• **Records for this task**
================

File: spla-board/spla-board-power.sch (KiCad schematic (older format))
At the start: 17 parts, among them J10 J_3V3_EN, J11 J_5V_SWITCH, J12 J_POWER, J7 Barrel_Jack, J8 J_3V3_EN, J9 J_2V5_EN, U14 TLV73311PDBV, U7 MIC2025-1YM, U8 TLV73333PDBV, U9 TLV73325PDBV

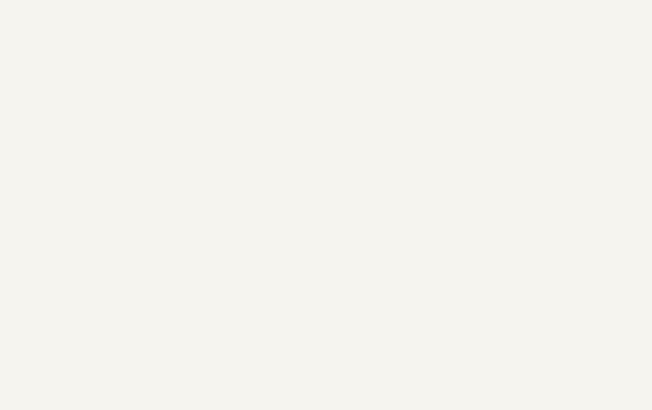
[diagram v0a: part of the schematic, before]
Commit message: pcb/schematic: Add plated mounting holes.
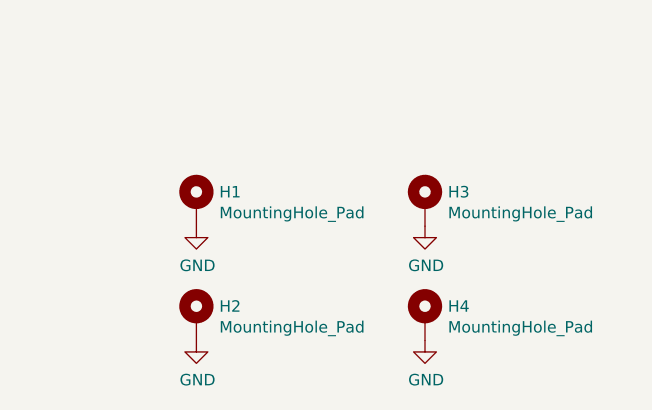
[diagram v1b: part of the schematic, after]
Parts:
- added H1, H2, H3, H4: MountingHole_Pad, MountingHole:MountingHole_3.2mm_M3_Pad, symbol Mechanical:MountingHole_Pad
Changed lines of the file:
@@
 Text Notes 3900 5600 0    50   ~ 0
 TODO: Swap these 300mA LDOs for AMS1117 parts.
+$Comp
+L Mechanical:MountingHole_Pad H?
+U 1 1 5E9F55D4
+P 13400 8150
+AR Path="/5E9F55D4" Ref="H?"  Part="1"
+AR Path="/5E50D39B/5E9F55D4" Ref="H1"  Part="1"
+F 0 "H1" H 13500 8199 50  0000 L CNN
+F 1 "MountingHole_Pad" H 13500 8108 50  0000 L CNN
+F 2 "MountingHole:MountingHole_3.2mm_M3_Pad" H 13400 8150 50  0001 C CNN
+F 3 "~" H 13400 8150 50  0001 C CNN
+	1    13400 8150
+	1    0    0    -1
+$EndComp
+$Comp
+L Mechanical:MountingHole_Pad H?
+U 1 1 5E9F55DA
+P 14400 8150
+AR Path="/5E9F55DA" Ref="H?"  Part="1"
+AR Path="/5E50D39B/5E9F55DA" Ref="H3"  Part="1"
+F 0 "H3" H 14500 8199 50  0000 L CNN
+F 1 "MountingHole_Pad" H 14500 8108 50  0000 L CNN
+F 2 "MountingHole:MountingHole_3.2mm_M3_Pad" H 14400 8150 50  0001 C CNN
+F 3 "~" H 14400 8150 50  0001 C CNN
+	1    14400 8150
+	1    0    0    -1
+$EndComp
+$Comp
+L Mechanical:MountingHole_Pad H?
+U 1 1 5E9F55E0
+P 13400 8650
+AR Path="/5E9F55E0" Ref="H?"  Part="1"
+AR Path="/5E50D39B/5E9F55E0" Ref="H2"  Part="1"
+F 0 "H2" H 13500 8699 50  0000 L CNN
+F 1 "MountingHole_Pad" H 13500 8608 50  0000 L CNN
+F 2 "MountingHole:MountingHole_3.2mm_M3_Pad" H 13400 8650 50  0001 C CNN
+F 3 "~" H 13400 8650 50  0001 C CNN
+	1    13400 8650
+	1    0    0    -1
+$EndComp
+$Comp
+L Mechanical:MountingHole_Pad H?
+U 1 1 5E9F55E6
+P 14400 8650
+AR Path="/5E9F55E6" Ref="H?"  Part="1"
+AR Path="/5E50D39B/5E9F55E6" Ref="H4"  Part="1"
+F 0 "H4" H 14500 8699 50  0000 L CNN
+F 1 "MountingHole_Pad" H 14500 8608 50  0000 L CNN
+F 2 "MountingHole:MountingHole_3.2mm_M3_Pad" H 14400 8650 50  0001 C CNN
+F 3 "~" H 14400 8650 50  0001 C CNN
+	1    14400 8650
+	1    0    0    -1
+$EndComp
+$Comp
+L power:GND #PWR?
+U 1 1 5E9F55EC
+P 13400 8250
+AR Path="/5E9F55EC" Ref="#PWR?"  Part="1"
+AR Path="/5E50D39B/5E9F55EC" Ref="#PWR0176"  Part="1"
+F 0 "#PWR0176" H 13400 8000 50  0001 C CNN
+F 1 "GND" H 13405 8077 50  0000 C CNN
+F 2 "" H 13400 8250 50  0001 C CNN
+F 3 "" H 13400 8250 50  0001 C CNN
+	1    13400 8250
+	1    0    0    -1
+$EndComp
+$Comp
+L power:GND #PWR?
+U 1 1 5E9F55F2
+P 14400 8250
+AR Path="/5E9F55F2" Ref="#PWR?"  Part="1"
+AR Path="/5E50D39B/5E9F55F2" Ref="#PWR0180"  Part="1"
+F 0 "#PWR0180" H 14400 8000 50  0001 C CNN
+F 1 "GND" H 14405 8077 50  0000 C CNN
+F 2 "" H 14400 8250 50  0001 C CNN
+F 3 "" H 14400 8250 50  0001 C CNN
+	1    14400 8250
+	1    0    0    -1
+$EndComp
+$Comp
+L power:GND #PWR?
+U 1 1 5E9F55F8
+P 13400 8750
+AR Path="/5E9F55F8" Ref="#PWR?"  Part="1"
+AR Path="/5E50D39B/5E9F55F8" Ref="#PWR0181"  Part="1"
+F 0 "#PWR0181" H 13400 8500 50  0001 C CNN
+F 1 "GND" H 13405 8577 50  0000 C CNN
+F 2 "" H 13400 8750 50  0001 C CNN
+F 3 "" H 13400 8750 50  0001 C CNN
+	1    13400 8750
+	1    0    0    -1
+$EndComp
+$Comp
+L power:GND #PWR?
+U 1 1 5E9F55FE
+P 14400 8750
+AR Path="/5E9F55FE" Ref="#PWR?"  Part="1"
+AR Path="/5E50D39B/5E9F55FE" Ref="#PWR0184"  Part="1"
+F 0 "#PWR0184" H 14400 8500 50  0001 C CNN
+F 1 "GND" H 14405 8577 50  0000 C CNN
+F 2 "" H 14400 8750 50  0001 C CNN
+F 3 "" H 14400 8750 50  0001 C CNN
+	1    14400 8750
+	1    0    0    -1
+$EndComp
 $EndSCHEMATC

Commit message: symbol/footprint/schematic: Redo power entirely to use ST1S10 and TLV733 parts.
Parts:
- removed J10, J8: J_3V3_EN, Connector_PinHeader_2.54mm:PinHeader_2x03_P2.54mm_Vertical, symbol Connector_Generic:Conn_02x03_Odd_Even
- removed J11: J_5V_SWITCH, Connector_PinHeader_2.54mm:PinHeader_2x03_P2.54mm_Vertical, symbol Connector_Generic:Conn_02x03_Odd_Even
- removed J9: J_2V5_EN, Connector_PinHeader_2.54mm:PinHeader_2x03_P2.54mm_Vertical, symbol Connector_Generic:Conn_02x03_Odd_Even
- removed TP6: TP_5V, TestPoint:TestPoint_Pad_D1.0mm, symbol Connector:TestPoint
- removed TP7: TP_3V3, TestPoint:TestPoint_Pad_D1.0mm, symbol Connector:TestPoint
- removed TP8: TP_2V5, TestPoint:TestPoint_Pad_D1.0mm, symbol Connector:TestPoint
- removed TP9: TP_1V1, TestPoint:TestPoint_Pad_D1.0mm, symbol Connector:TestPoint
- removed U7: MIC2025-1YM, Package_SO:SOIC-8_3.9x4.9mm_P1.27mm, symbol Power_Management:MIC2025-1YM
- removed U8: TLV73333PDBV, Package_TO_SOT_SMD:SOT-23-5, symbol Regulator_Linear:TLV73333PDBV
- added C28: 10uF, Capacitor_SMD:C_0805_2012Metric, symbol Device:C_Small
- added C29, C30, C31, C32, C35, C36, C41, C42: 0.1uF, Capacitor_SMD:C_0603_1608Metric, symbol Device:C_Small
- added C33, C34: 4.7uF, Capacitor_SMD:C_0603_1608Metric, symbol Device:C_Small
- added C37, C38, C39, C40: 22uF, Capacitor_SMD:C_0805_2012Metric, symbol Device:C_Small
- added L1, L2: 3.3uH, Inductor_SMD:L_Vishay_IHLP-2020, symbol Device:L
- added R26, R27, R28, R33, R34: 0, Resistor_SMD:R_0603_1608Metric, symbol Device:R_Small
- added R29: 5.23k, 1%, Resistor_SMD:R_0603_1608Metric, symbol Device:R_Small
- added R30, R32: 1k, 1%, Resistor_SMD:R_0603_1608Metric, symbol Device:R_Small
- added R31: 3.09k, 1%, Resistor_SMD:R_0603_1608Metric, symbol Device:R_Small
- added U7, U8: ST1S10PHR, SPLA:ST_PowerSO-8EP_4x5mm_P1.27mm_EP3.5x2.6mm, symbol SPLA:ST1S10PHR
- C13: value 0.1uF -> 10uF; footprint Capacitor_SMD:C_0603_1608Metric -> Capacitor_SMD:C_0805_2012Metric
- R12: value 10k -> 0
- TP5: value TP_5VD -> TP_12V
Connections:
- net labels added: +12V, PWR_12V, PWR_PRE_1V1, PWR_PRE_2V5, PWR_PRE_3V3, PWR_PRE_5V
- net labels removed: +5VD, PWR_5V_EN, PWR_OVERFLAG
- wire segments 99 -> 164
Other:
- note added: "SYNC = use internal 900kHz oscillator"
- note added: "V_OUT = ((0.8V / 1k) * 3.09k) + 0.8V = 3.272V"
- note added: "V_OUT = ((0.8V / 1k) * 5.23k) + 0.8V = 4.984V"
- note added: "~INH~ = Always On"
- note removed: "TODO: Swap these 300mA LDOs for AMS1117 parts."
- moved on the sheet: J12, J7, TP5

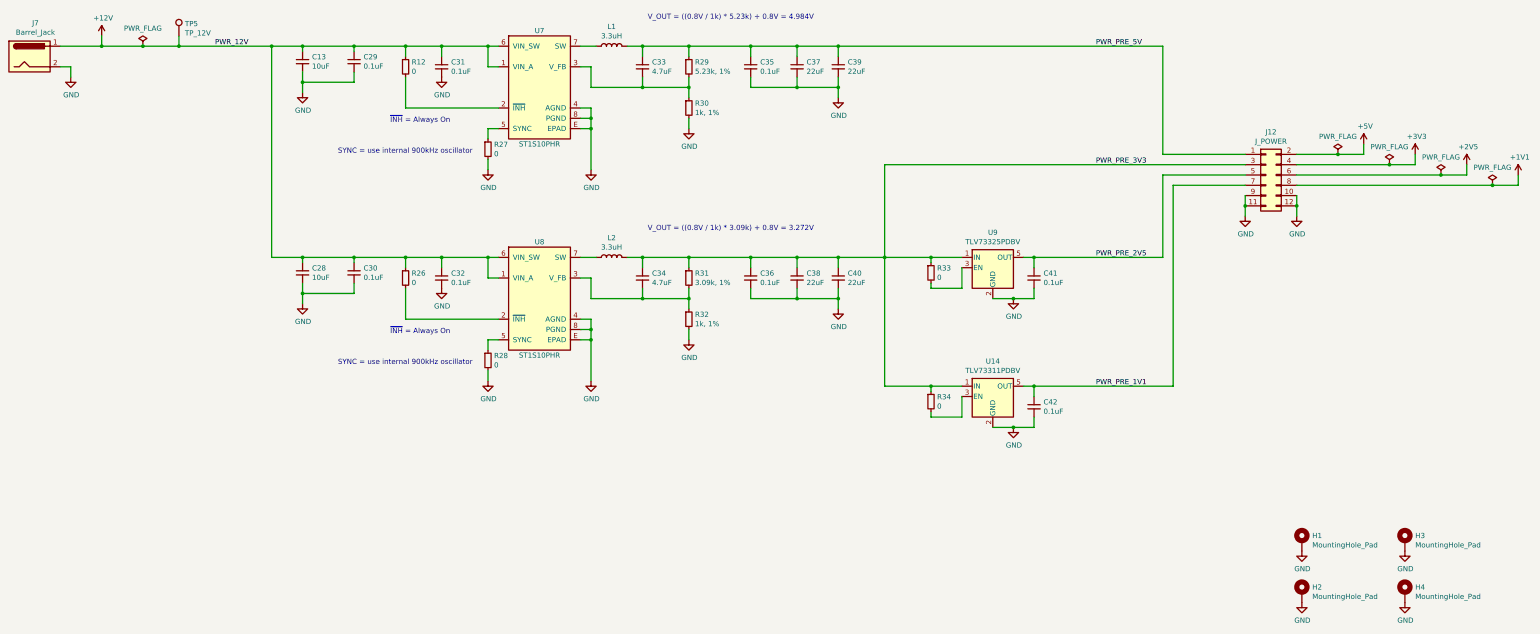
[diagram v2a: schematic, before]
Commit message: pcb/schematic: Partial work on power layout.
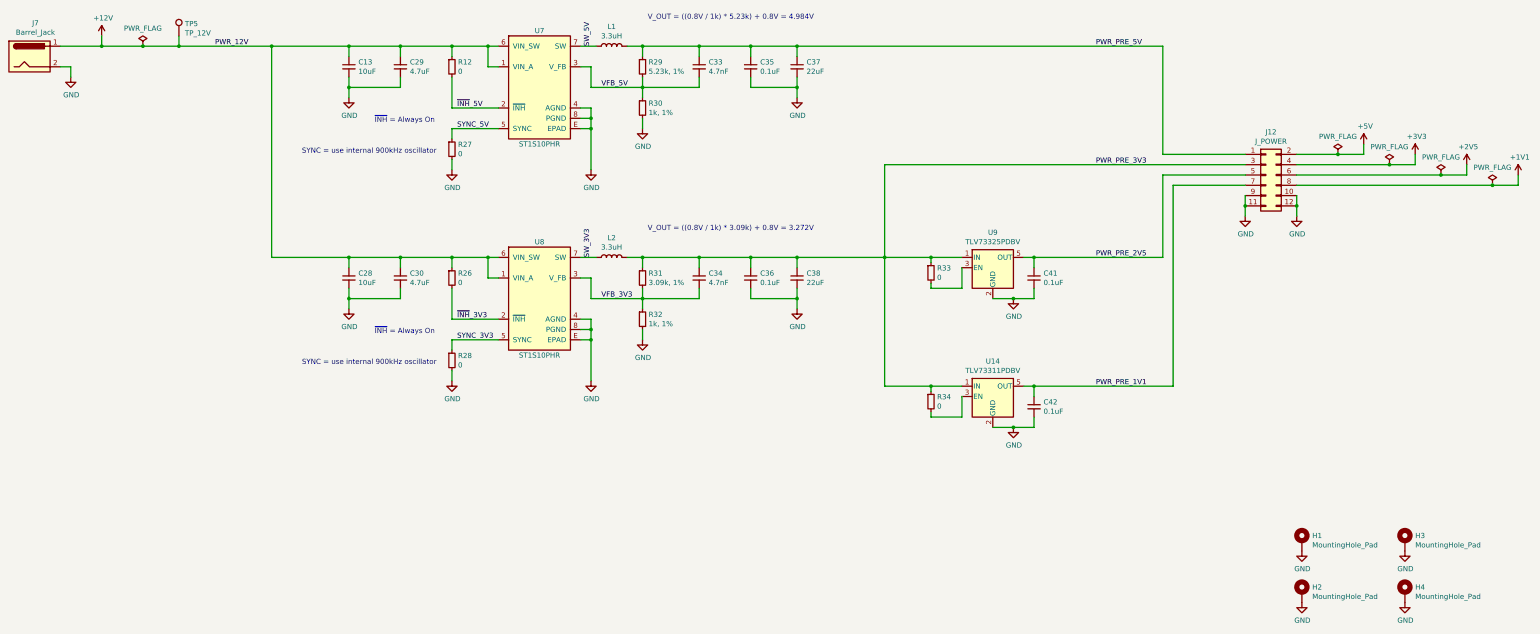
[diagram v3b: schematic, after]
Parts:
- removed C31, C32: 0.1uF, Capacitor_SMD:C_0603_1608Metric, symbol Device:C_Small
- removed C39, C40: 22uF, Capacitor_SMD:C_0805_2012Metric, symbol Device:C_Small
- C29, C30: value 0.1uF -> 4.7uF
- C33, C34: value 4.7uF -> 4.7nF
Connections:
- net ~INH~_5V: now reaches R12.2, U7.2 (~INH)
- net VFB_5V: now reaches C33.2, R29.2, R30.1, U7.3 (V_FB)
- net SYNC_5V: now reaches R27.1, U7.5 (SYNC)
- net SW_5V: now reaches L1.1, U7.7 (SW)
- net ~INH~_3V3: now reaches R26.2, U8.2 (~INH)
- net VFB_3V3: now reaches C34.2, R31.2, R32.1, U8.3 (V_FB)
- net SYNC_3V3: now reaches R28.1, U8.5 (SYNC)
- net SW_3V3: now reaches L2.1, U8.7 (SW)
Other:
- moved on the sheet: C13, C28, C29, C30, C33, C34, R12, R26, R27, R28, R29, R30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

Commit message: schematic/pcb: Rearrange 2.5V/1.1V jumpers; Move USB data liens to make space for power.
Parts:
- J12: footprint Connector_PinHeader_2.54mm:PinHeader_2x06_P2.54mm_Vertical -> Connector_PinHeader_2.54mm:PinHeader_2x07_P2.54mm_Vertical; symbol Connector_Generic:Conn_02x06_Odd_Even -> Connector_Generic:Conn_02x07_Odd_Even
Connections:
- net +1V1: now also C42.1, U14.5 (OUT); no longer J12.8 (Pin_8)
- net +2V5: now also C41.1, U9.5 (OUT); no longer J12.6 (Pin_6)
- net +3V3: now also J12.11 (Pin_11), J12.5 (Pin_5); no longer J12.4 (Pin_4)
- net +5V: now also J12.13 (Pin_13); no longer J12.2 (Pin_2)
- net GND: now also J12.1 (Pin_1), J12.2 (Pin_2), J12.3 (Pin_3), J12.4 (Pin_4); no longer J12.10 (Pin_10), J12.11 (Pin_11), J12.12 (Pin_12), J12.9 (Pin_9)
- net PWR_PRE_3V3: now also J12.10 (Pin_10), J12.12 (Pin_12), J12.6 (Pin_6), J12.8 (Pin_8); no longer J12.3 (Pin_3), R33.1, R34.1, U14.1 (IN), U9.1 (IN)
- net PWR_PRE_5V: now also J12.14 (Pin_14); no longer J12.1 (Pin_1)
- removed net PWR_PRE_1V1: C42.1, J12.7 (Pin_7), U14.5 (OUT)
- removed net PWR_PRE_2V5: C41.1, J12.5 (Pin_5), U9.5 (OUT)
- new net PWR_INTO_1V1: J12.7 (Pin_7), R34.1, U14.1 (IN)
- new net PWR_INTO_2V5: J12.9 (Pin_9), R33.1, U9.1 (IN)
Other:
- moved on the sheet: C41, C42, R33, R34, U14, U9

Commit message: pcb/schematic: Layout new power setup; tweak schematic to suit.
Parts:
- added TP6: TP_GND, TestPoint:TestPoint_Plated_Hole_D2.0mm, symbol Connector:TestPoint
- J12: footprint Connector_PinHeader_2.54mm:PinHeader_2x07_P2.54mm_Vertical -> Connector_PinHeader_2.54mm:PinHeader_2x08_P2.54mm_Vertical; symbol Connector_Generic:Conn_02x07_Odd_Even -> Connector_Generic:Conn_02x08_Odd_Even
- TP5: footprint TestPoint:TestPoint_Pad_D1.0mm -> TestPoint:TestPoint_Plated_Hole_D2.0mm
- renumbered C13 to C81, C37 to C82, C29 to C83, C33 to C84, C35 to C89, C28 to C91, C38 to C92, C30 to C93, C34 to C94, C36 to C99, R29 to R81, R30 to R82, R12 to R87, R27 to R88, R31 to R91, R32 to R92, R26 to R97, R28 to R98
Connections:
- net +3V3: now also J12.13 (Pin_13), J12.7 (Pin_7); no longer J12.11 (Pin_11), J12.5 (Pin_5)
- net +5V: now also J12.3 (Pin_3); no longer J12.13 (Pin_13)
- net GND: now also J12.15 (Pin_15), J12.16 (Pin_16), J12.5 (Pin_5), J12.6 (Pin_6), TP6.1; no longer J12.3 (Pin_3), J12.4 (Pin_4)
- net PWR_INTO_1V1: now also J12.11 (Pin_11); no longer J12.7 (Pin_7)
- net PWR_PRE_3V3: now also J12.14 (Pin_14); no longer J12.6 (Pin_6)
- net PWR_PRE_5V: now also J12.4 (Pin_4); no longer J12.14 (Pin_14)
- net PWR_EN_1V1: now reaches R34.2, U14.3 (EN)
- net PWR_EN_2V5: now reaches R33.2, U9.3 (EN)
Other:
- moved on the sheet: R33, R34

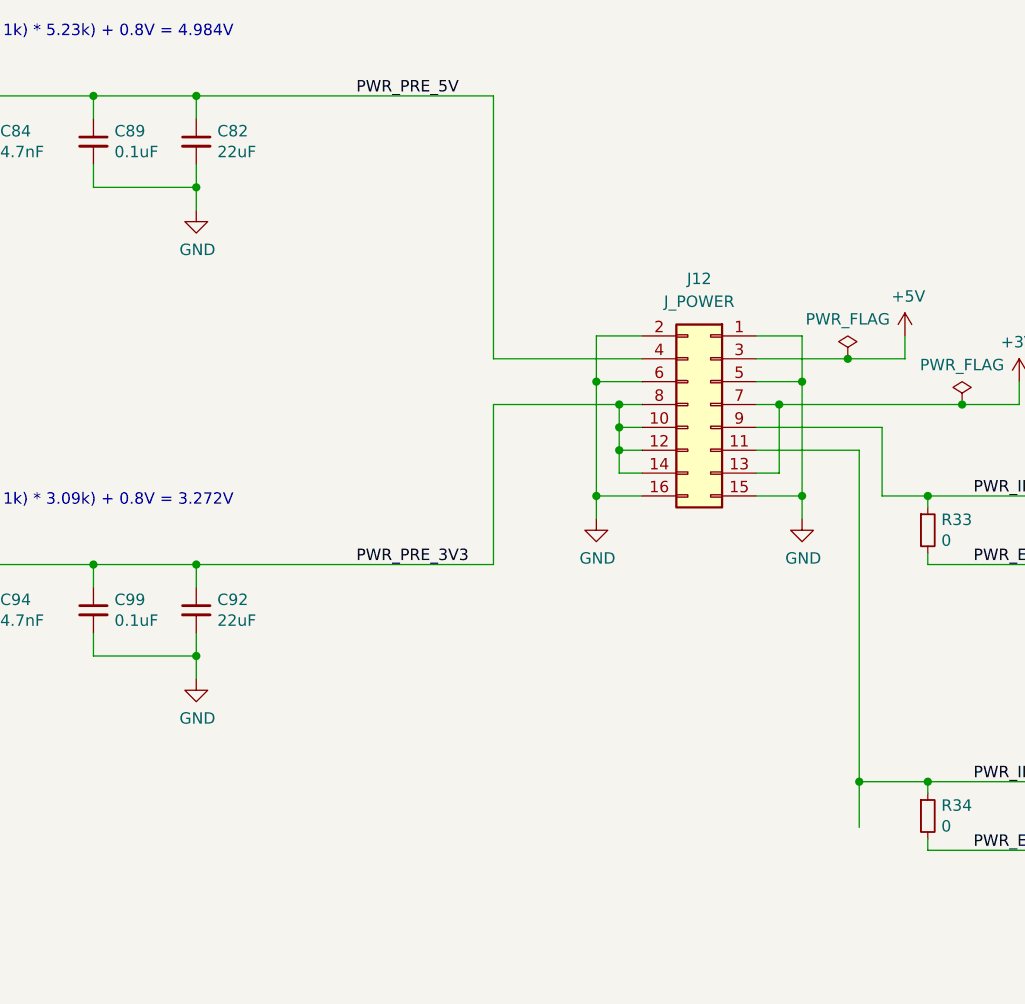
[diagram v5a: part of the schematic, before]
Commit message: schematic/pcb: Add LEDs to FTDI / FPGA / Power, for bringup and debugging.
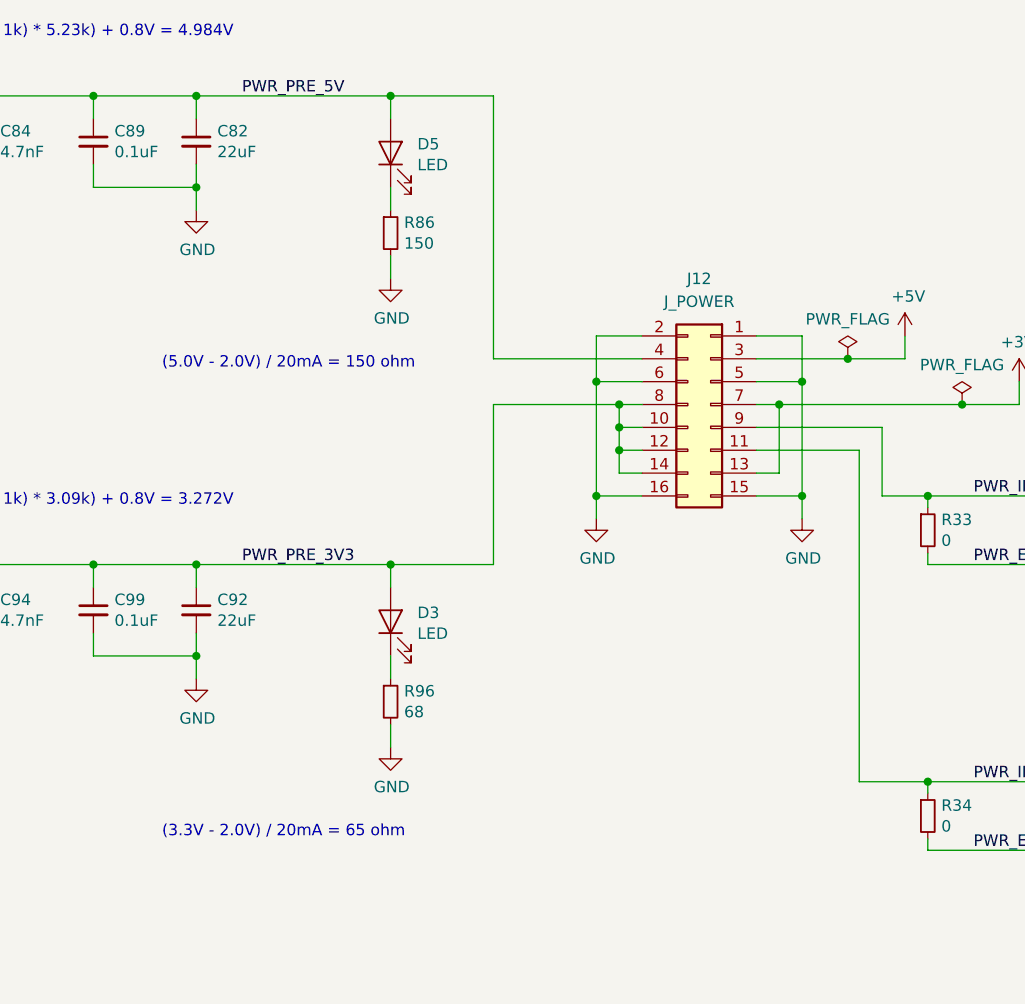
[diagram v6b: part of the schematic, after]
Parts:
- added D3, D5: LED, LED_SMD:LED_0805_2012Metric, symbol Device:LED
- added R86: 150, Resistor_SMD:R_0603_1608Metric, symbol Device:R_Small
- added R96: 68, Resistor_SMD:R_0603_1608Metric, symbol Device:R_Small
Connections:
- net GND: now also R86.2, R96.2
- net PWR_PRE_3V3: now also D3.2 (A)
- net PWR_PRE_5V: now also D5.2 (A)
- new net: D5.1 (K), R86.1
- new net: D3.1 (K), R96.1
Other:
- note added: "(3.3V - 2.0V) / 20mA = 65 ohm"
- note added: "(5.0V - 2.0V) / 20mA = 150 ohm"
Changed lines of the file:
@@
 Text Label 2850 3350 0    50   ~ 0
 PWR_12V
-Text Label 9200 3350 0    50   ~ 0
+Text Label 8700 3350 0    50   ~ 0
 PWR_PRE_5V
-Text Label 9200 5400 0    50   ~ 0
+Text Label 8700 5400 0    50   ~ 0
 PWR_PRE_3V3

================

• **Activity**
Copy out each line carrying the string "Text" from the data.

• **Expected answer**
 Text Notes 3900 5600 0    50   ~ 0
 Text Label 2850 3350 0    50   ~ 0
-Text Label 9200 3350 0    50   ~ 0
+Text Label 8700 3350 0    50   ~ 0
-Text Label 9200 5400 0    50   ~ 0
+Text Label 8700 5400 0    50   ~ 0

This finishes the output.